Starting from version 0.3.3, it is possible to validate two tables at a time, one storing metadata and the other storing citations, in order to verify, besides all the other checks, that all the citations represented in a document have their metadata represented in the other document, and vice versa. This can be done by using the `ClosureValidator` class. The `ClosureValidator` class internally wraps two instances of `Validator`, one for metadata and one for citations, and requires to explicitly specify the table type for either document. Both the internal `Validator` instances can be separately customized by specifying the optional parameters for each of the two via the `meta_kwargs` and `cits_kwargs` arguments. `ClosureValidator` takes the following parameters:

- `meta_in`: Path to the input CSV table storing metadata.
- `meta_out_dir`: Directory for metadata validation results.
- `cits_in`: Path to the input CSV table storing citations.
- `cits_out_dir`: Directory for citation validation results.
- `strict_sequentiality`: \[deafaults to False\] If True, checks the transitive closure if and only if all the other checks passed without detecting errors. With the default option (False), it is always checked that all the entities involved in citations have also their metadata represented in the other table, and vice versa, *regardless* of the presence of other errors in the tables.
- `meta_kwargs`: (Optional) Dictionary of configuration options for the metadata table validator.
- `cits_kwargs`: (Optional) Dictionary of configuration options for the citation table validator.
- `use_lmdb`: \[defaults to False\] If True, both internal `Validator` instances use LMDB-backed caches instead of in-memory Python objects. Recommended for large files. This can also be set individually via `meta_kwargs` or `cits_kwargs`.
- `map_size`: \[defaults to 1 GiB\] Maximum size in bytes for each LMDB environment. Only relevant when `use_lmdb=True`. Can also be set individually via `meta_kwargs` or `cits_kwargs`.
- `cache_dir`: (Optional) Base directory under which all LMDB cache directories are created. Only relevant when `use_lmdb=True`. Can also be set individually via `meta_kwargs` or `cits_kwargs`.

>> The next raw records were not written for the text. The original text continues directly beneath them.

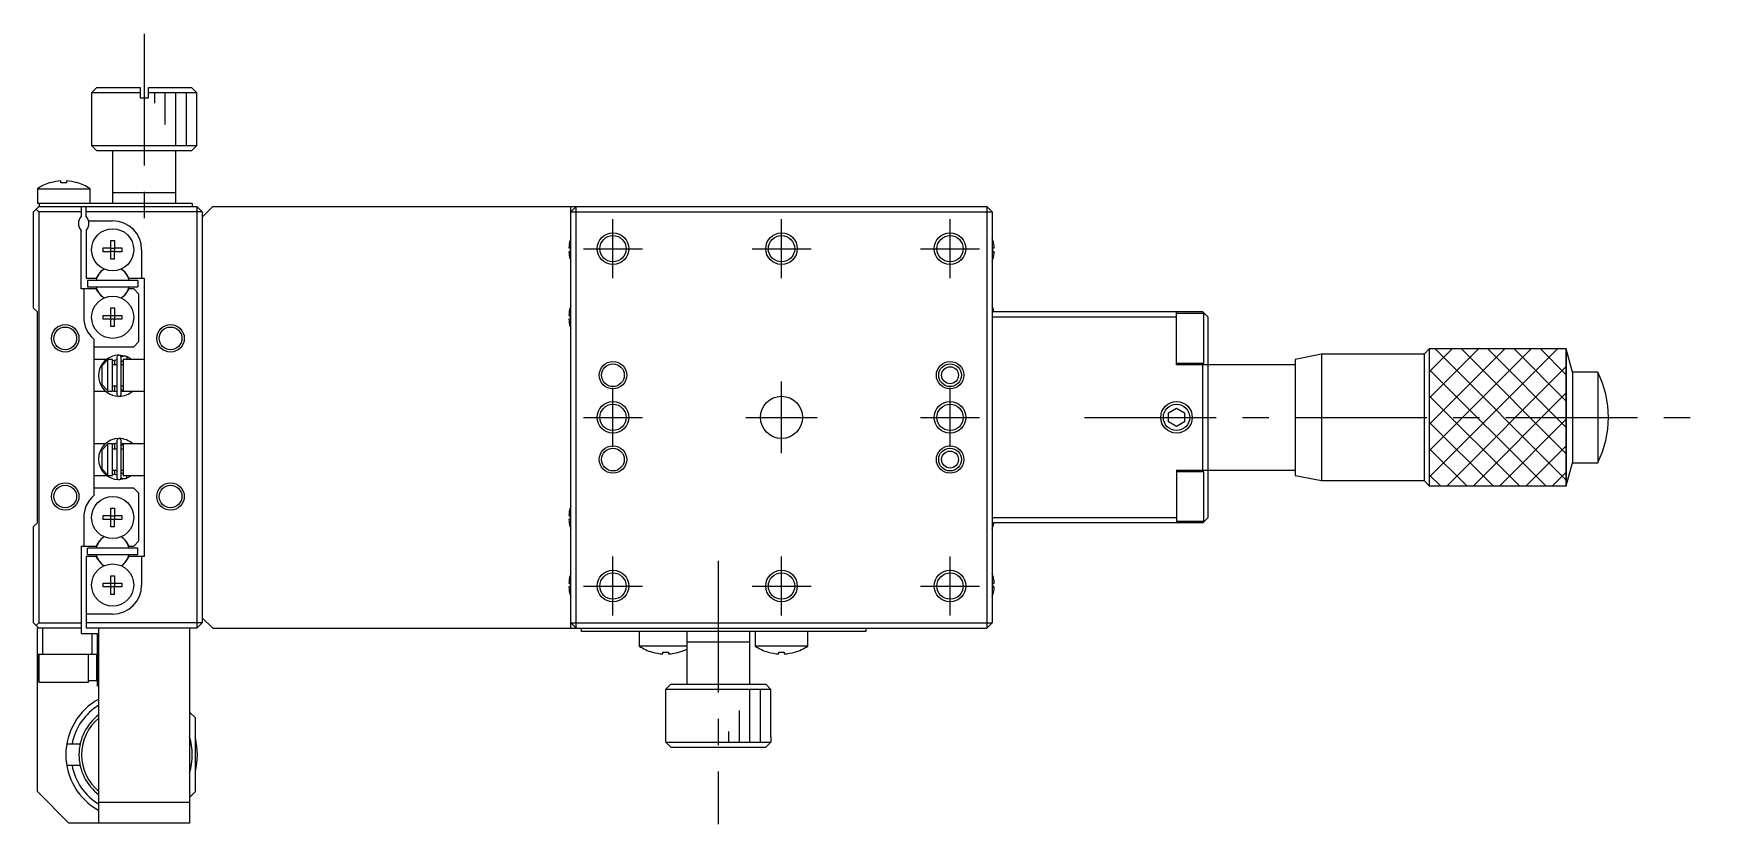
# Model space of a CAD drawing. Extents: x -226 to 399, y 6 to 432.
# Drawn here: x -107.4 to 52.3, y 192.2 to 267.2 of the extents above; entities that cross this region are included whole.
import ezdxf

# ---------------------------------------------------------------- set-up
doc = ezdxf.new("R2010")
doc.units = 0
doc.header["$LTSCALE"] = 10
doc.linetypes.add('CENTER', pattern=[2, 1.25, -0.25, 0.25, -0.25])
doc.layers.get('0').update_dxf_attribs({"linetype": 'CONTINUOUS'})
doc.layers.add('CENTER', color=1, linetype='CENTER')

msp = doc.modelspace()

# ---------------------------------------------------------------- linework, layer by layer
at = {"color": 7, "linetype": 'CONTINUOUS'}
for p, q in [((-101.432406, 262.133941), (-101.932406, 261.633941)), ((-101.432406, 262.133941), (-97.332406, 262.133941)), ((-97.332406, 262.133941), (-97.332406, 261.133941)), ((-96.532406, 262.133941), (-92.432406, 262.133941)), ((-96.532406, 261.133941), (-96.532406, 262.133941)), ((-91.932406, 261.633941), (-92.432406, 262.133941)), ((-97.332406, 261.633941), (-101.932406, 261.633941)), ((-101.932406, 261.633941), (-101.932406, 256.633941)), ((-97.332406, 261.133941), (-96.532406, 261.133941)), ((-91.932406, 261.633941), (-96.532406, 261.633941)), ((-91.932406, 256.633941), (-91.932406, 261.633941)), ((-101.932406, 256.633941), (-101.432406, 256.133941)), ((-101.932406, 256.633941), (-91.932406, 256.633941)), ((-92.432406, 256.133941), (-101.432406, 256.133941)), ((-99.932406, 256.133941), (-99.932406, 251.133941)), ((-93.932406, 251.133941), (-93.932406, 256.133941)), ((-92.432406, 256.133941), (-91.932406, 256.633941)), ((-107.082406, 252.525598), (-102.082406, 252.525598)), ((-107.082406, 252.525598), (-107.082406, 251.133941)), ((-105.840996, 253.096522), (-105.844339, 253.103377)), ((-104.842406, 253.096522), (-104.842406, 253.268894)), ((-104.322406, 253.096522), (-104.842406, 253.096522)), ((-104.322406, 253.268894), (-104.322406, 253.096522)), ((-103.320474, 253.103377), (-103.323817, 253.096522)), ((-102.082406, 251.133941), (-102.082406, 252.525598)), ((-107.432406, 250.333941), (-106.932406, 250.833941)), ((-92.382406, 251.133941), (-107.082406, 251.133941)), ((-106.932406, 250.833941), (-91.932406, 250.833941)), ((-106.882406, 250.833941), (-106.882406, 251.133941)), ((-102.932406, 250.833941), (-102.932406, 249.895379)), ((-102.432406, 249.895379), (-102.432406, 250.833941)), ((-93.932406, 252.133941), (-99.932406, 252.133941)), ((-92.382406, 251.133941), (-92.382406, 250.833941)), ((-91.432406, 250.333941), (-91.932406, 250.833941)), ((-91.932406, 250.833941), (-91.932406, 210.833941)), ((-90.432406, 250.833941), (-91.432406, 249.833941)), ((-90.432406, 250.833941), (-16.932406, 250.833941)), ((-55.932406, 250.833941), (-56.432406, 250.333941)), ((-56.432406, 210.833941), (-56.432406, 250.833941)), ((-55.932406, 210.833941), (-55.932406, 250.833941)), ((-16.432406, 250.333941), (-16.932406, 250.833941)), ((-16.932406, 250.833941), (-16.932406, 210.833941)), ((-107.432406, 241.183941), (-107.432406, 250.333941)), ((-106.932406, 250.333941), (-107.182406, 250.583941)), ((-106.932406, 250.333941), (-106.932406, 211.333941)), ((-102.932406, 250.333941), (-106.932406, 250.333941)), ((-91.432406, 250.333941), (-102.432406, 250.333941)), ((-102.214161, 249.483941), (-99.932406, 249.483941)), ((-91.432406, 250.333941), (-91.432406, 211.333941)), ((-56.432406, 250.333941), (-16.432406, 250.333941)), ((-16.432406, 250.333941), (-16.432406, 211.333941)), ((-102.932406, 243.033941), (-102.932406, 248.572503)), ((-102.432406, 248.572503), (-102.432406, 244.033941)), ((-100.112406, 247.620303), (-99.752406, 247.620303)), ((-100.112406, 246.913941), (-100.112406, 247.620303)), ((-99.752406, 247.620303), (-99.752406, 246.913941)), ((-56.50655, 247.622557), (-56.501928, 247.620303)), ((-16.362885, 247.620303), (-16.358262, 247.622557)), ((-100.818768, 246.913941), (-100.112406, 246.913941)), ((-100.818768, 246.553941), (-100.818768, 246.913941)), ((-100.112406, 246.553941), (-100.818768, 246.553941)), ((-100.102034, 246.903569), (-100.112406, 246.913941)), ((-100.102034, 246.564313), (-100.112406, 246.553941)), ((-100.112406, 245.84758), (-100.112406, 246.553941)), ((-100.102034, 246.564313), (-100.102034, 246.903569)), ((-100.102034, 246.903569), (-99.762779, 246.903569)), ((-99.762779, 246.564313), (-100.102034, 246.564313)), ((-99.762779, 246.903569), (-99.752406, 246.913941)), ((-99.762779, 246.903569), (-99.762779, 246.564313)), ((-99.762779, 246.564313), (-99.752406, 246.553941)), ((-99.752406, 246.913941), (-99.046045, 246.913941)), ((-99.046045, 246.553941), (-99.752406, 246.553941)), ((-99.752406, 245.84758), (-99.752406, 246.553941)), ((-99.046045, 246.913941), (-99.046045, 246.553941)), ((-97.182406, 246.733941), (-97.182406, 244.033941)), ((-56.622265, 246.913941), (-56.501928, 246.913941)), ((-56.501928, 246.553941), (-56.622265, 246.553941)), ((-56.501928, 246.913941), (-56.501928, 246.553941)), ((-16.362885, 246.553941), (-16.362885, 246.913941)), ((-16.362885, 246.913941), (-16.242548, 246.913941)), ((-16.242548, 246.553941), (-16.362885, 246.553941)), ((-99.752406, 245.84758), (-100.112406, 245.84758)), ((-56.501928, 245.84758), (-56.50655, 245.845325)), ((-16.358262, 245.845325), (-16.362885, 245.84758)), ((-101.483212, 243.033941), (-102.932406, 243.033941)), ((-102.682406, 243.033941), (-102.682406, 240.333941)), ((-102.432406, 244.033941), (-101.483212, 244.033941)), ((-97.532406, 243.833941), (-102.332406, 243.833941)), ((-102.332406, 243.833941), (-102.332406, 243.233941)), ((-102.332406, 243.233941), (-97.532406, 243.233941)), ((-101.333046, 244.294036), (-101.483212, 244.033941)), ((-101.333046, 242.773846), (-101.483212, 243.033941)), ((-98.381601, 244.033941), (-98.531767, 244.294036)), ((-98.381601, 243.033941), (-98.531767, 242.773846)), ((-98.381601, 244.033941), (-96.932406, 244.033941)), ((-97.932406, 243.033941), (-98.381601, 243.033941)), ((-97.432406, 242.533941), (-97.932406, 243.033941)), ((-97.532406, 243.833941), (-97.532406, 243.233941)), ((-96.932406, 244.033941), (-96.932406, 217.633941)), ((-97.432406, 238.033941), (-97.432406, 242.533941)), ((-56.50655, 241.222557), (-56.501928, 241.220303)), ((-16.362885, 241.220303), (-16.358262, 241.222557)), ((-107.432406, 241.183941), (-107.082406, 240.833941)), ((-107.082406, 220.833941), (-107.082406, 240.833941)), ((-100.818768, 240.513941), (-100.112406, 240.513941)), ((-100.818768, 240.153941), (-100.818768, 240.513941)), ((-100.112406, 240.153941), (-100.818768, 240.153941)), ((-100.112406, 241.220303), (-99.752406, 241.220303)), ((-100.112406, 240.513941), (-100.112406, 241.220303)), ((-100.102034, 240.503569), (-100.112406, 240.513941)), ((-100.102034, 240.164313), (-100.112406, 240.153941)), ((-100.112406, 239.44758), (-100.112406, 240.153941)), ((-100.102034, 240.164313), (-100.102034, 240.503569)), ((-100.102034, 240.503569), (-99.762779, 240.503569)), ((-99.762779, 240.164313), (-100.102034, 240.164313)), ((-99.762779, 240.503569), (-99.752406, 240.513941)), ((-99.762779, 240.503569), (-99.762779, 240.164313)), ((-99.762779, 240.164313), (-99.752406, 240.153941)), ((-99.752406, 241.220303), (-99.752406, 240.513941)), ((-99.752406, 240.513941), (-99.046045, 240.513941)), ((-99.046045, 240.153941), (-99.752406, 240.153941)), ((-99.752406, 239.44758), (-99.752406, 240.153941)), ((-99.046045, 240.513941), (-99.046045, 240.153941)), ((-56.622265, 240.513941), (-56.501928, 240.513941)), ((-56.501928, 240.153941), (-56.622265, 240.153941)), ((-56.501928, 240.513941), (-56.501928, 240.153941)), ((3.567594, 240.833941), (-16.432406, 240.833941)), ((1.067594, 240.333941), (-16.432406, 240.333941)), ((1.067594, 235.833941), (1.067594, 240.833941)), ((3.667594, 240.683941), (1.067594, 240.683941)), ((4.067594, 240.333941), (3.567594, 240.833941)), ((3.667594, 235.983941), (3.667594, 240.683941)), ((4.067594, 221.333941), (4.067594, 240.333941)), ((-101.732406, 238.254879), (-101.732406, 223.413003)), ((-99.752406, 239.44758), (-100.112406, 239.44758)), ((-97.932406, 237.533941), (-97.432406, 238.033941)), ((-56.501928, 239.44758), (-56.50655, 239.445325)), ((-101.732406, 237.533941), (-97.932406, 237.533941)), ((-99.525925, 236.537019), (-99.525925, 233.037019)), ((-98.553174, 236.576052), (-99.301647, 236.735558)), ((-99.097208, 236.583024), (-99.128521, 236.569025)), ((-99.125925, 233.037019), (-99.125925, 236.537019)), ((-99.065072, 236.59551), (-99.097208, 236.583024)), ((-99.032367, 236.606372), (-99.065072, 236.59551)), ((-98.999173, 236.615583), (-99.032367, 236.606372)), ((-98.96557, 236.623122), (-98.999173, 236.615583)), ((-98.931641, 236.628969), (-98.96557, 236.623122)), ((-98.897467, 236.633112), (-98.931641, 236.628969)), ((-98.863133, 236.635541), (-98.897467, 236.633112)), ((-98.828722, 236.636248), (-98.863133, 236.635541)), ((-98.794317, 236.635233), (-98.828722, 236.636248)), ((-98.760003, 236.632497), (-98.794317, 236.635233)), ((-98.725863, 236.628047), (-98.760003, 236.632497)), ((-98.69198, 236.621893), (-98.725863, 236.628047)), ((-98.658437, 236.61405), (-98.69198, 236.621893)), ((-98.625316, 236.604534), (-98.658437, 236.61405)), ((-98.553802, 236.576364), (-98.626433, 236.333935)), ((-98.592701, 236.593371), (-98.625316, 236.604534)), ((-98.593774, 236.435445), (-98.599367, 236.42093)), ((-98.588479, 236.449717), (-98.593774, 236.435445)), ((-98.562349, 236.581302), (-98.592701, 236.593371)), ((-98.583517, 236.463654), (-98.588479, 236.449717)), ((-98.578919, 236.477169), (-98.583517, 236.463654)), ((-98.574714, 236.490173), (-98.578919, 236.477169)), ((-98.57093, 236.502585), (-98.574714, 236.490173)), ((-98.56759, 236.514326), (-98.57093, 236.502585)), ((-98.564716, 236.52532), (-98.56759, 236.514326)), ((-98.562325, 236.535497), (-98.564716, 236.52532)), ((-98.564031, 236.581656), (-98.561772, 236.581003)), ((-98.141139, 236.333961), (-98.562893, 236.58026)), ((-98.560434, 236.544794), (-98.562325, 236.535497)), ((-98.561772, 236.581003), (-98.560016, 236.579179)), ((-98.559054, 236.553149), (-98.560434, 236.544794)), ((-98.560016, 236.579179), (-98.558774, 236.576196)), ((-98.558195, 236.560511), (-98.559054, 236.553149)), ((-98.558774, 236.576196), (-98.558054, 236.572071)), ((-98.557861, 236.566831), (-98.558195, 236.560511)), ((-98.558054, 236.572071), (-98.557861, 236.566831)), ((14.817593, 236.833937), (12.317594, 236.333938)), ((14.817593, 236.833937), (14.817593, 224.833945)), ((24.567598, 236.833937), (14.817593, 236.833937)), ((25.0676, 237.33394), (24.567598, 236.833937)), ((24.567598, 236.833937), (24.567598, 224.833945)), ((25.0676, 237.33394), (25.0676, 224.333942)), ((38.067601, 237.33394), (25.0676, 237.33394)), ((38.067601, 237.33394), (25.0676, 237.33394)), ((25.0676, 237.33394), (25.0676, 224.333942)), ((38.067601, 237.33394), (38.067601, 224.333942)), ((38.657089, 235.133941), (38.067601, 237.33394)), ((38.067601, 224.333942), (38.067601, 237.33394)), ((-100.510841, 236.333941), (-101.732406, 236.333941)), ((-100.932406, 235.750456), (-100.432406, 236.279624)), ((-100.932406, 233.917426), (-100.932406, 235.750456)), ((-99.932406, 236.333941), (-100.432406, 236.333941)), ((-100.432406, 236.333941), (-100.432406, 233.333941)), ((-99.932538, 236.214335), (-99.525976, 236.325199)), ((-99.932406, 233.333941), (-99.932406, 236.333941)), ((-99.525925, 235.833941), (-99.932406, 235.833941)), ((-99.732406, 235.833941), (-99.732406, 236.283771)), ((-99.125925, 235.936132), (-99.125598, 235.950087)), ((-98.932406, 235.833941), (-99.125925, 235.833941)), ((-99.125598, 235.950087), (-99.124564, 235.964781)), ((-99.124564, 235.964781), (-99.122824, 235.979407)), ((-99.122824, 235.979407), (-99.120383, 235.993931)), ((-99.120383, 235.993931), (-99.117246, 236.008317)), ((-99.117246, 236.008317), (-99.11342, 236.022534)), ((-99.11342, 236.022534), (-99.108913, 236.036548)), ((-99.108913, 236.036548), (-99.103734, 236.050326)), ((-99.103734, 236.050326), (-99.097894, 236.063837)), ((-99.097894, 236.063837), (-99.091407, 236.077048)), ((-99.091407, 236.077048), (-99.084285, 236.089927)), ((-99.084285, 236.089927), (-99.076543, 236.102444)), ((-99.076543, 236.102444), (-99.068199, 236.114568)), ((-99.068199, 236.114568), (-99.059269, 236.12627)), ((-99.059269, 236.12627), (-99.049774, 236.13752)), ((-99.049774, 236.13752), (-99.039733, 236.148289)), ((-99.039733, 236.148289), (-99.02917, 236.158551)), ((-99.02917, 236.158551), (-99.018108, 236.168279)), ((-99.018108, 236.168279), (-99.006572, 236.177445)), ((-99.006572, 236.177445), (-98.994587, 236.186027)), ((-98.994587, 236.186027), (-98.982183, 236.194)), ((-98.982183, 236.194), (-98.969389, 236.201341)), ((-98.969389, 236.201341), (-98.956234, 236.20803)), ((-98.956234, 236.20803), (-98.942752, 236.214047)), ((-98.942752, 236.214047), (-98.93243, 236.218114)), ((-98.932406, 236.333941), (-98.932406, 233.333941)), ((-96.932406, 236.333941), (-98.932406, 236.333941)), ((-98.630513, 236.347961), (-98.6371, 236.333941)), ((-98.623991, 236.362295), (-98.630513, 236.347961)), ((-98.617575, 236.376853), (-98.623991, 236.362295)), ((-98.611306, 236.39154), (-98.617575, 236.376853)), ((-98.605224, 236.406264), (-98.611306, 236.39154)), ((-98.599367, 236.42093), (-98.605224, 236.406264)), ((1.067594, 235.983941), (3.667594, 235.983941)), ((12.317594, 235.833941), (1.067594, 235.833941)), ((3.567594, 225.833941), (3.567594, 235.833941)), ((12.317594, 236.333938), (12.317594, 225.333944)), ((38.657089, 235.133941), (38.657089, 226.533941)), ((41.0676, 235.133941), (38.657089, 235.133941)), ((41.0676, 235.133941), (41.0676, 226.533941)), ((-101.732406, 233.333941), (-100.62424, 233.333941)), ((-100.432406, 233.388258), (-100.932406, 233.917426)), ((-100.432406, 233.333941), (-99.932406, 233.333941)), ((-99.525979, 233.249126), (-99.932492, 233.359368)), ((-99.932406, 233.833941), (-99.525925, 233.833941)), ((-99.866922, 233.333941), (-99.732406, 233.333941)), ((-99.732406, 233.333941), (-99.732406, 233.833941)), ((-99.125925, 233.833941), (-98.932406, 233.833941)), ((-99.125875, 233.632583), (-99.125925, 233.637906)), ((-99.125255, 233.617861), (-99.125875, 233.632583)), ((-98.897587, 233.296436), (-99.125865, 233.248813)), ((-99.123928, 233.603183), (-99.125255, 233.617861)), ((-99.121895, 233.588583), (-99.123928, 233.603183)), ((-99.11916, 233.574096), (-99.121895, 233.588583)), ((-99.115729, 233.559754), (-99.11916, 233.574096)), ((-99.111609, 233.545591), (-99.115729, 233.559754)), ((-99.106807, 233.531642), (-99.111609, 233.545591)), ((-99.101334, 233.517939), (-99.106807, 233.531642)), ((-99.095199, 233.504514), (-99.101334, 233.517939)), ((-99.088416, 233.491401), (-99.095199, 233.504514)), ((-99.081, 233.478632), (-99.088416, 233.491401)), ((-99.072964, 233.466238), (-99.081, 233.478632)), ((-99.064327, 233.45425), (-99.072964, 233.466238)), ((-99.055108, 233.442699), (-99.064327, 233.45425)), ((-99.045326, 233.431615), (-99.055108, 233.442699)), ((-99.035003, 233.421027), (-99.045326, 233.431615)), ((-99.024162, 233.410962), (-99.035003, 233.421027)), ((-99.012829, 233.401449), (-99.024162, 233.410962)), ((-99.00103, 233.392512), (-99.012829, 233.401449)), ((-98.988793, 233.384178), (-99.00103, 233.392512)), ((-98.976148, 233.376469), (-98.988793, 233.384178)), ((-98.963126, 233.369408), (-98.976148, 233.376469)), ((-98.949759, 233.363016), (-98.963126, 233.369408)), ((-98.936082, 233.357312), (-98.949759, 233.363016)), ((-98.93243, 233.355925), (-98.936082, 233.357312)), ((-98.932406, 233.333941), (-96.932406, 233.333941)), ((-98.78492, 233.333603), (-98.897587, 233.296436)), ((-98.621751, 232.970255), (-98.562349, 232.992736)), ((-98.566634, 232.992832), (-98.564031, 232.992382)), ((-98.564031, 232.992382), (-98.564389, 232.993244)), ((-98.562349, 232.992736), (-98.564031, 232.992382)), ((-98.561593, 232.993151), (-98.562349, 232.992736)), ((0.317594, 231.266954), (1.067594, 231.699966)), ((1.067594, 231.699966), (1.817594, 231.266954)), ((0.317594, 230.400928), (0.317594, 231.266954)), ((1.067594, 229.967916), (0.317594, 230.400928)), ((1.817594, 230.400928), (1.067594, 229.967916)), ((1.817594, 231.266954), (1.817594, 230.400928)), ((-99.525925, 228.630863), (-99.525925, 225.130863)), ((-99.125925, 225.130863), (-99.125925, 228.630863)), ((-98.609374, 228.69332), (-98.623761, 228.697887)), ((-98.562349, 228.675146), (-98.609423, 228.693166)), ((-98.564031, 228.6755), (-98.564408, 228.674592)), ((-98.562349, 228.675146), (-98.564031, 228.6755)), ((-98.561593, 228.674731), (-98.562349, 228.675146)), ((-100.623537, 228.333941), (-101.732406, 228.333941)), ((-100.932406, 227.750456), (-100.432406, 228.279624)), ((-100.932406, 225.917426), (-100.932406, 227.750456)), ((-99.932406, 228.333941), (-100.432406, 228.333941)), ((-100.432406, 228.333941), (-100.432406, 225.333941)), ((-99.932597, 228.30847), (-99.525928, 228.418763)), ((-99.932406, 225.333941), (-99.932406, 228.333941)), ((-99.525925, 227.833941), (-99.932406, 227.833941)), ((-99.732406, 228.333941), (-99.866581, 228.333941)), ((-99.732406, 227.833941), (-99.732406, 228.333941)), ((-99.125925, 228.029976), (-99.125598, 228.04393)), ((-98.932406, 227.833941), (-99.125925, 227.833941)), ((-99.125832, 228.419065), (-98.897311, 228.371366)), ((-99.125598, 228.04393), (-99.124564, 228.058625)), ((-99.124564, 228.058625), (-99.122824, 228.073251)), ((-99.122824, 228.073251), (-99.120383, 228.087774)), ((-99.120383, 228.087774), (-99.117246, 228.102161)), ((-99.117246, 228.102161), (-99.11342, 228.116378)), ((-99.11342, 228.116378), (-99.108913, 228.130392)), ((-99.108913, 228.130392), (-99.103734, 228.14417)), ((-99.103734, 228.14417), (-99.097894, 228.157681)), ((-99.097894, 228.157681), (-99.091407, 228.170891)), ((-99.091407, 228.170891), (-99.084285, 228.183771)), ((-99.084285, 228.183771), (-99.076543, 228.196288)), ((-99.076543, 228.196288), (-99.068199, 228.208412)), ((-99.068199, 228.208412), (-99.059269, 228.220114)), ((-99.059269, 228.220114), (-99.049774, 228.231364)), ((-99.049774, 228.231364), (-99.039733, 228.242133)), ((-99.039733, 228.242133), (-99.02917, 228.252395)), ((-99.02917, 228.252395), (-99.018108, 228.262122)), ((-99.018108, 228.262122), (-99.006572, 228.271289)), ((-99.006572, 228.271289), (-98.994587, 228.279871)), ((-98.994587, 228.279871), (-98.982183, 228.287843)), ((-98.982183, 228.287843), (-98.969389, 228.295185)), ((-98.969389, 228.295185), (-98.956234, 228.301874)), ((-98.956234, 228.301874), (-98.942752, 228.307891)), ((-98.942752, 228.307891), (-98.93243, 228.311957)), ((-98.932406, 228.333941), (-98.932406, 225.333941)), ((-96.932406, 228.333941), (-98.932406, 228.333941)), ((-98.897311, 228.371366), (-98.784641, 228.334175)), ((-101.732406, 225.333941), (-100.510421, 225.333941)), ((-100.432406, 225.388258), (-100.932406, 225.917426)), ((-100.432406, 225.333941), (-99.932406, 225.333941)), ((-99.525946, 225.34268), (-99.932553, 225.453554)), ((-99.932406, 225.833941), (-99.525925, 225.833941)), ((-99.732406, 225.384557), (-99.732406, 225.833941)), ((-99.125925, 225.833941), (-98.932406, 225.833941)), ((-99.125875, 225.726427), (-99.125925, 225.73175)), ((-99.125255, 225.711705), (-99.125875, 225.726427)), ((-99.123928, 225.697027), (-99.125255, 225.711705)), ((-99.121895, 225.682427), (-99.123928, 225.697027)), ((-99.11916, 225.667939), (-99.121895, 225.682427)), ((-99.115729, 225.653598), (-99.11916, 225.667939)), ((-99.111609, 225.639435), (-99.115729, 225.653598)), ((-99.106807, 225.625486), (-99.111609, 225.639435)), ((-99.101334, 225.611782), (-99.106807, 225.625486)), ((-99.095199, 225.598358), (-99.101334, 225.611782)), ((-99.088416, 225.585245), (-99.095199, 225.598358)), ((-99.081, 225.572476), (-99.088416, 225.585245)), ((-99.072964, 225.560082), (-99.081, 225.572476)), ((-99.064327, 225.548094), (-99.072964, 225.560082)), ((-99.055108, 225.536543), (-99.064327, 225.548094)), ((-99.045326, 225.525459), (-99.055108, 225.536543)), ((-99.035003, 225.514871), (-99.045326, 225.525459)), ((-99.024162, 225.504806), (-99.035003, 225.514871)), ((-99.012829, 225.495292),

A usage example of how to validate metadata and citations with `ClosureValidator` is provided as follows:

```python
from oc_validator.main import ClosureValidator

cv = ClosureValidator(
    meta_in='path/to/meta.csv',
    meta_out_dir='path/to/meta_results',
    cits_in='path/to/cits.csv',
    cits_out_dir='path/to/cits_results',
    meta_kwargs={'verify_id_existence': False},  # Skip ID existence checks for metadata
    cits_kwargs={'use_meta_endpoint': True}  # Use OC Meta before external APIs to verify the existence of PIDs
)

cv.validate() # validates the tables and saves output files in the specified (separate) directories
```

With LMDB-backed caching for large files:

```python
from oc_validator.main import ClosureValidator

with ClosureValidator(
    meta_in='path/to/large_meta.csv',
    meta_out_dir='path/to/meta_results',
    cits_in='path/to/large_cits.csv',
    cits_out_dir='path/to/cits_results',
    use_lmdb=True,
    map_size=4*1024**3,  # 4 GiB per LMDB environment
    cache_dir='/tmp/cache',
) as cv:
    cv.validate()
```

## Output visualisation

`oc_validator` has an integrated tool for the interactive visualisation of the validation results, which helps users to locate the detected errors in the document in a more intuitive way, and facilitates human understanding of the underlying problems generating them. The documentation of the visualisation tool can be found in [oc_validator/interface/README.md](oc_validator/interface/README.md).